Hi all. For my grade project in college, I decided to build a digital guitar tuner based on a PIC18F2550.

The phase I'm currently on is testing the sampling capabilities of the PIC's ADC converter. The sampling frequency is 4.3 KHz and for the test I'm going to use a signal generator to "feed" the A0 pin with a sinusoidal signal with a frequency on the 80-330 Hz range. Each digital sample is sent to a register in the RAM data memory where it is stored. Then an algorithm counts the number of samples based on a fixed number of periods (10, in this case) and shows the number on a LCD display.

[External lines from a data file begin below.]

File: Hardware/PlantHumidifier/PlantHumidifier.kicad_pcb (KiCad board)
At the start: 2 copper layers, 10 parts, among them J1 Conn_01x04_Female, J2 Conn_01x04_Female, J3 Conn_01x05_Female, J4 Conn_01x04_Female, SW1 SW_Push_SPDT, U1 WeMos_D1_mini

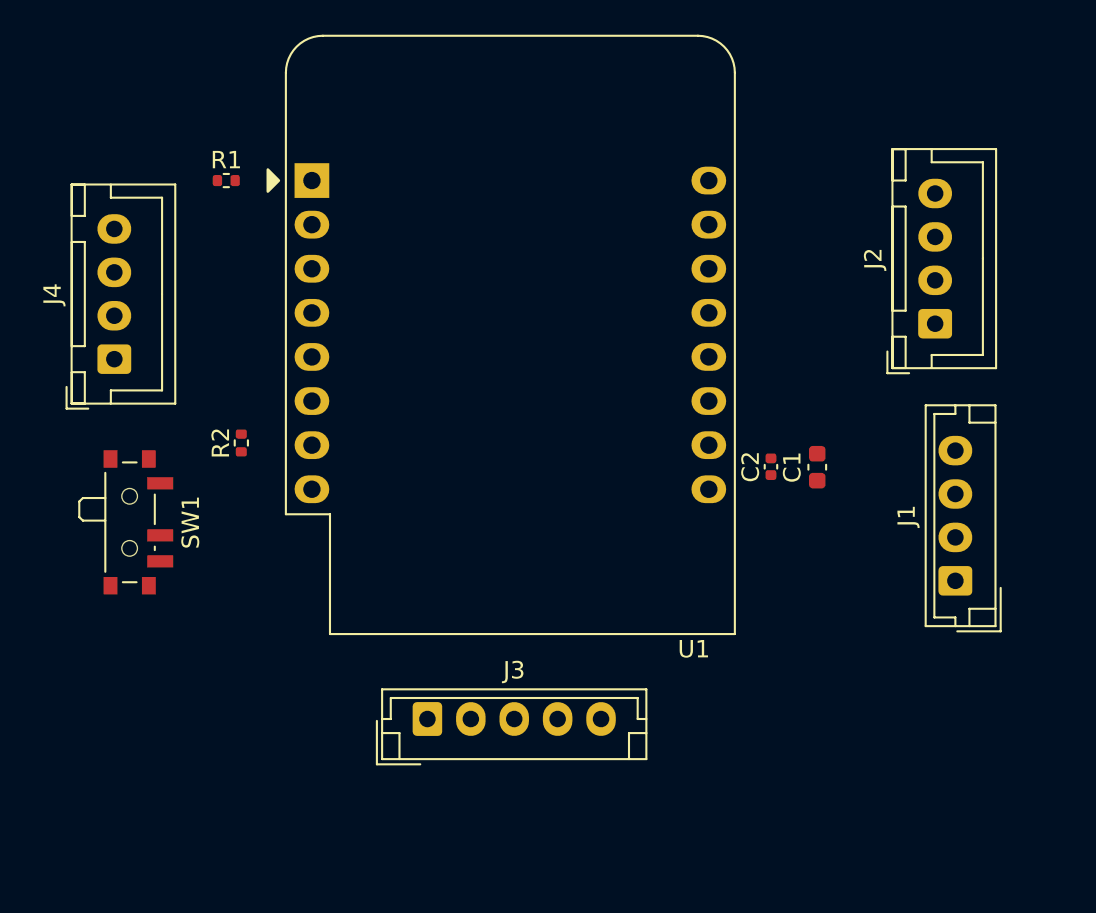
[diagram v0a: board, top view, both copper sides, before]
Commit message: Layout: Update PCB from schematic
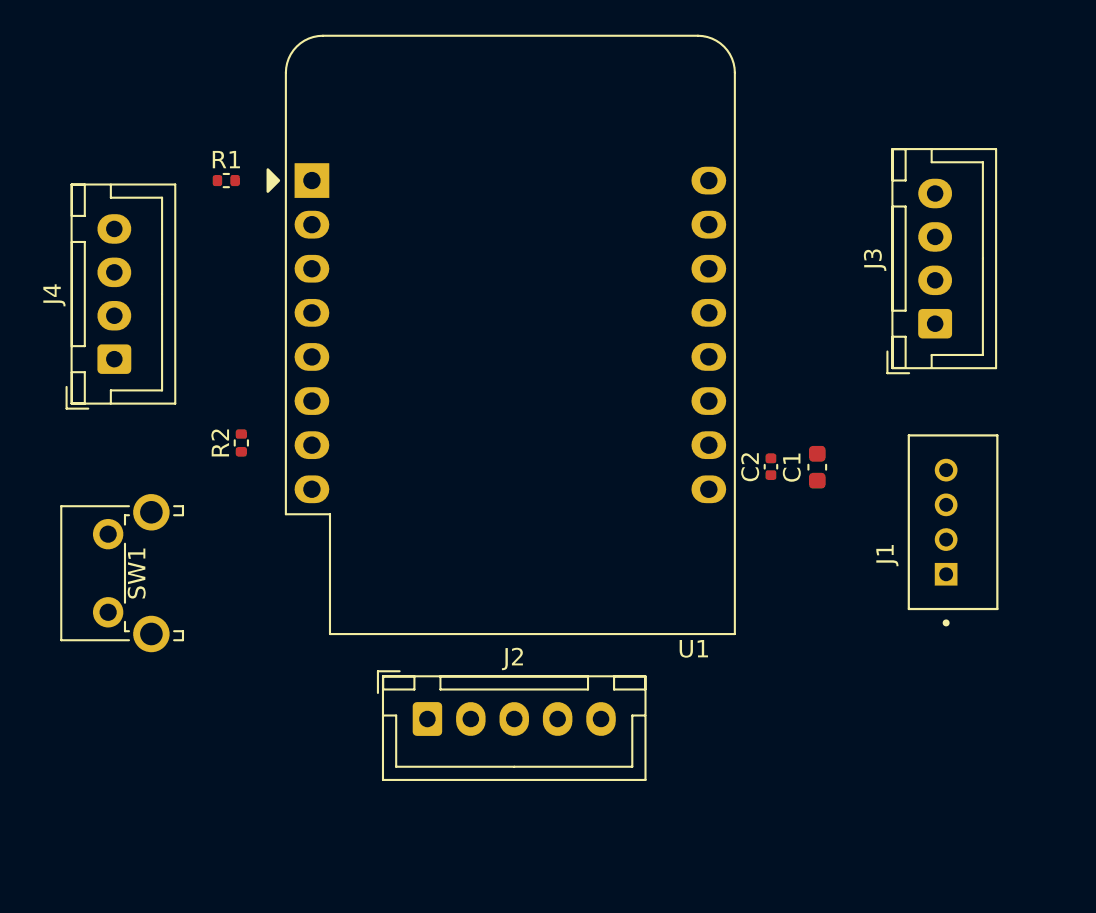
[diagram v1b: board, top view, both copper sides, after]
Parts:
- J1: value Conn_01x04_Female -> 110990030; footprint Connector_JST:JST_EH_B4B-EH-A_1x04_P2.50mm_Vertical -> Seeed_Connectors:SEEED_110990030
- J2: renamed from J3; footprint Connector_JST:JST_EH_B5B-EH-A_1x05_P2.50mm_Vertical -> Connector_JST:JST_XH_B5B-XH-A_1x05_P2.50mm_Vertical
- SW1: value SW_Push_SPDT -> SW_SPST; footprint Button_Switch_SMD:SW_SPDT_PCM12 -> Button_Switch_THT:SW_Tactile_SPST_Angled_PTS645Vx83-2LFS
- moved SW1 5.41 mm to (65.8, 100.4), turned to 90 degrees
- moved J1 3.42 mm to (114.1, 95.2)
- renumbered J2 to J3
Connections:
- SW1 pad 1: +3V3 -> GND

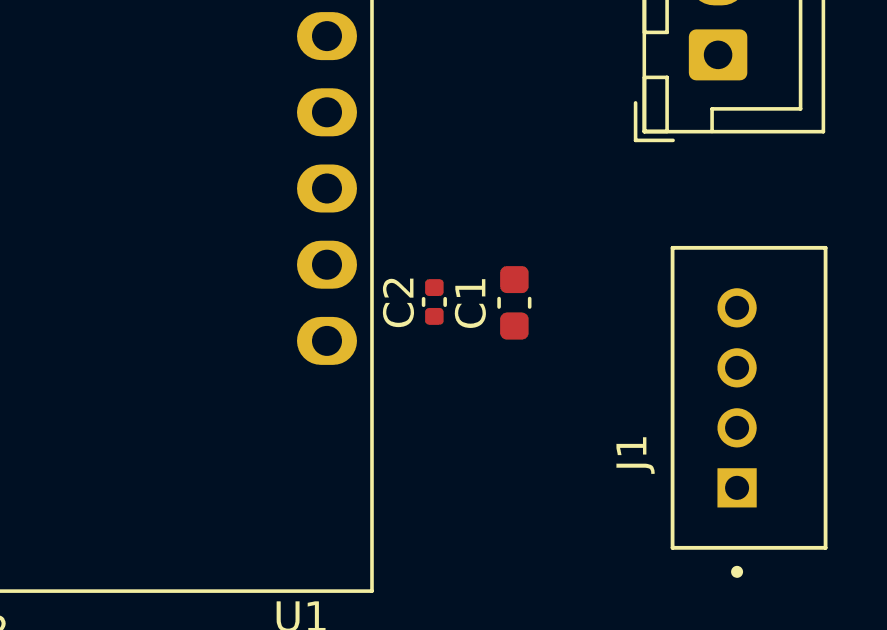
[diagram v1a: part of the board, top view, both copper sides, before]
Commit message: Layout: Add board settings for OSH Park
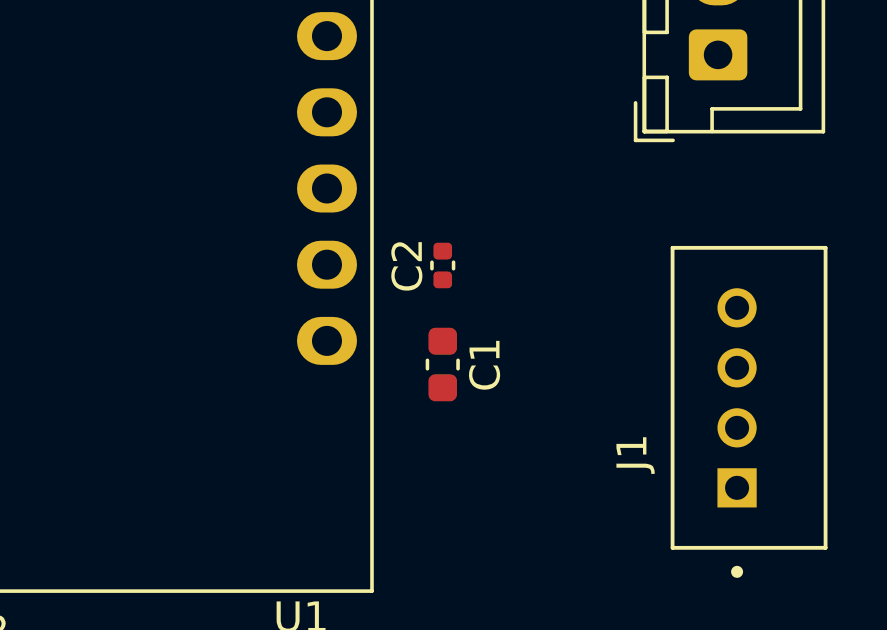
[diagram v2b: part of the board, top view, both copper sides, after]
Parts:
- moved C1 3.15 mm to (104.3, 94.1), turned to -90 degrees
- moved C2 1.25 mm to (104.3, 90.8)
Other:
- rule pad_to_mask_clearance: 0 -> 0.0508
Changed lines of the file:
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@@
   )
   (paper "A4")
+  (title_block
+    (title "Plant Humidifer")
+    (rev "A")
+    (comment 1 "Michael Ly")
+    (comment 2 "Github.com/Michael-Q-Ly")
+  )
   (layers
     (0 "F.Cu" signal)
-    (31 "B.Cu" signal)
+    (31 "B.Cu" power)
     (32 "B.Adhes" user "B.Adhesive")
     (33 "F.Adhes" user "F.Adhesive")
@@
   )
   (setup
-    (pad_to_mask_clearance 0)
+    (stackup
+      (layer "F.SilkS" (type "Top Silk Screen"))
+      (layer "F.Paste" (type "Top Solder Paste"))
+      (layer "F.Mask" (type "Top Solder Mask") (thickness 0.01))
+      (layer "F.Cu" (type "copper") (thickness 0.035))
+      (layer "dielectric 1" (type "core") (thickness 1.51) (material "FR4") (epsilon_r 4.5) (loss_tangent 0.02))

I've done the test in Proteus and works fairly well, but when transposing to the field, it does the weirdest readings. For example, if the frequency of the analog signal is 300 Hz, the Proteus simulation shows a sample count in the 135-137 range, which is fairly good. But in the real world, the sample count is off, even showing an absurd -7347, for example! Sometimes it even resets the program during the conversion.

So, I probably must be dealing with noise issues. The problem is, I don't know how to fix this. I've done the following:

- Passed the circuit from breadboard to etched prototyping PCB

- Included a low pass filter for anti-aliasing, with fc = 2 KHz. The op-amp used for the filter is a low noise OP07.

I know I'm missing something else, but I don't know what. I'll appreciate any help on the matter.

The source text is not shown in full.